Policymakers need to re-evaluate their interventions in this sector. SMME owners exhibit

negative sentiments towards government when it comes to public interventions in the sector.

They value and trust the private sector more. Although market failure warrants and permits

government intervention especially in developing countries, the South African government

needs to consider only focusing on creating an enabling environment much like Brazil and China

and not become an active player in business by becoming a client, especially the main client, of

SMMES.

Furthermore, authorities should consider removing micro-enterprises from the local definition

of SMME and have a separate and more tailored policy focus for them. They make the

definition too inclusive and broad and obscure the real value of the SMME sector in South

Africa. Micro firms face unique challenges to those of Small and Medium firms and require

different growth strategies compared to small and medium firms.

A focus on micro firms would entail South Africa pursuing more of an SMME policy as opposed

to an Entrepreneurship Policy. For example, small and medium firms have accumulated enough

collateral to gain access to formal lending but micro firms have not. However, micro firms

remain an important source of in the country’s plight to create jobs. Policymakers should

continue devising innovative growth strategies uniquely developed for these types of firms.

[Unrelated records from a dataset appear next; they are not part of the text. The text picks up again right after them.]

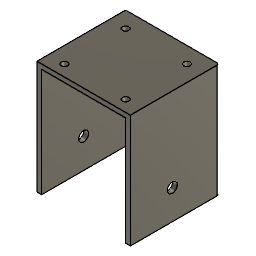
Motor Bracket (Autodesk Fusion 360 design; units mm, degrees)
part number: 2026-05-02-17-38-57-581
Autodesk Fusion 360 part; units mm, degrees
sketch "Sketch1" plane through (0, 0, 0) normal (0, 0, 1) x (1, 0, 0)
  line L0 (-1.731, 4) -> (40.819, 4)
  line L1 (40.819, 4) -> (40.819, -38.55)
  line L2 (40.819, -38.55) -> (-1.731, -38.55)
  line L3 (-1.731, -38.55) -> (-1.731, 4)
  line L4 (-1.731, -38.55) -> (-4.131, -38.55)
  line L5 (-4.131, -38.55) -> (-4.131, 4)
  line L6 (-4.131, 4) -> (-1.731, 4)
  line L7 (-1.731, 4) -> (-1.731, -38.55)
  line L8 (-4.131, 4) -> (40.819, 4)
  line L9 (40.819, 4) -> (40.819, 6.4)
  line L10 (40.819, 6.4) -> (-4.131, 6.4)
  line L11 (-4.131, 6.4) -> (-4.131, 4)
  line L12 (40.819, -38.55) -> (43.219, -38.55)
  line L13 (43.219, -38.55) -> (43.219, 6.4)
  line L14 (43.219, 6.4) -> (40.819, 6.4)
  line L15 (40.819, 6.4) -> (40.819, -38.55)
  circle A0 centre (4.044, -1.775) radius 1.625
  circle A1 centre (35.044, -1.775) radius 1.625
  circle A2 centre (4.044, -32.775) radius 1.625
  circle A3 centre (35.044, -32.775) radius 1.625
  dimension "d1" = 42.55
  dimension "d2" = 42.55
  dimension "d3" = 2.4
  dimension "d4" = 2.4
  dimension "d5" = 2.4
  dimension "d6" = 44.95
  dimension "d7" = 3.25
  dimension "d8" = 3.25
  dimension "d9" = 3.25
  dimension "d10" = 3.25
  dimension "d11" = 31
  dimension "d12" = 31
  dimension "d13" = 31
  dimension "d14" = 5.775
  dimension "d15" = 5.775
  constraint horizontal L0
  constraint vertical L1
  constraint horizontal L2
  constraint vertical L3
  constraint horizontal L4
  constraint vertical L5
  constraint horizontal L6
  constraint vertical L7
  constraint horizontal L8
  constraint vertical L9
  constraint horizontal L10
  constraint vertical L11
  constraint horizontal L12
  constraint vertical L13
  constraint horizontal L14
  constraint vertical L15
  measures "d1" distance of L0.start L2.end
  measures "d2" distance of L1 L3
  measures "d3" distance of L3 L5
  measures "d4" distance of L5.end L10.end
  measures "d5" distance of L13 L15
  measures "d6" distance of L9 L11
  measures "d7" diameter of A0
  measures "d8" diameter of A1
  measures "d9" diameter of A2
  measures "d10" diameter of A3
  measures "d11" distance of A0.centre A1.centre
  measures "d12" distance of A2.centre A3.centre
  measures "d13" distance of A0.centre A2.centre
  measures "d14" distance of L3 A0.centre
  measures "d15" distance of L0 A0.centre
extrude "Extrude1" add sketch "Sketch1" along normal blind 2.4 contours L0 L6 L8 L9 L10 L11 L15 | L0 L1 L2 L3 L7 L8 L15 | L3 L4 L5 L6 L7 L8 makes body 1
extrude "Extrude2" add sketch "Sketch1" against normal blind 34.25 separate body contours L0 L6 L8 L9 L10 L11 L15 | L3 L4 L5 L6 L7 L8 | L1 L9 L12 L13 L14 L15 makes body 2
extrude "Extrude3" add 1 faces at (42.419, -9.3833, 0) along direction (0, 0, 1) blind 2.4 on bodies 2 bodies 1 2
fillet "Fillet1" radius 1 1 edges at (-4.131, 6.4, -15.925) on bodies 1
fillet "Fillet2" radius 1 1 edges at (43.219, 6.4, -15.925) on bodies 1
extrude "Extrude4" add 1 faces at (26.6357, 5.6, -34.25) along direction (0, 0, -1) blind 20.75 on bodies 1 bodies 1
sketch "Sketch2" plane through (0, 4, 0) normal (0, -1, 0) x (1, 0, 0)
  line L0 (40.819, 0) -> (-1.731, 0)
  line L1 (-1.731, 0) -> (-1.731, -55)
  line L2 (-1.731, -55) -> (40.819, -55)
  line L3 (40.819, -55) -> (40.819, 0)
  circle A0 centre (19.544, -15) radius 2.5
  dimension "d28" = 5
  dimension "d29" = 15
  dimension "d30" = 21.275
  measures "d28" diameter of A0
  measures "d29" distance of L0 A0.centre
  measures "d30" distance of L1 A0.centre
extrude "Extrude5" cut sketch "Sketch2" against normal blind 2.4 contours A0 bodies 1
sketch "Sketch3" plane through (-1.731, 0, 0) normal (1, 0, 0) x (0, 1, 0)
  line L0 (4, 0) -> (-38.55, 0)
  line L1 (-38.55, 0) -> (-38.55, -55)
  line L2 (-38.55, -55) -> (4, -55)
  line L3 (4, -55) -> (4, 0)
  circle A0 centre (-17.275, -40) radius 2.5
  dimension "d33" = 5
  dimension "d34" = 40
  dimension "d35" = 21.275
  measures "d33" diameter of A0
  measures "d34" distance of L0 A0.centre
  measures "d35" distance of L1 A0.centre
extrude "Extrude6" cut sketch "Sketch3" against normal blind 2.4 contours A0 bodies 1
extrude "Extrude7" cut sketch "Sketch3" along normal blind 72 contours A0 bodies 1

Different wage structures should also be considered for micro firms, small firms and medium

firms contrary to current policy discussions of a national minimum wage which will set a wage

floor under which no firm is allowed to pay less than the set an uncompetitive national

minimum wage for micro firms with current suggestions of ZAR4000 per month.

To address unemployment government interventions should mostly be channelled towards

small and medium firms because they offer the most potential for creating jobs. Policymakers

must also continue to focus on propelling black-owned firms into this space. Most importantly

SMMEs need to be seen as more than just job creators as they have a bigger role to play in

society and greater business environment other than just creating jobs.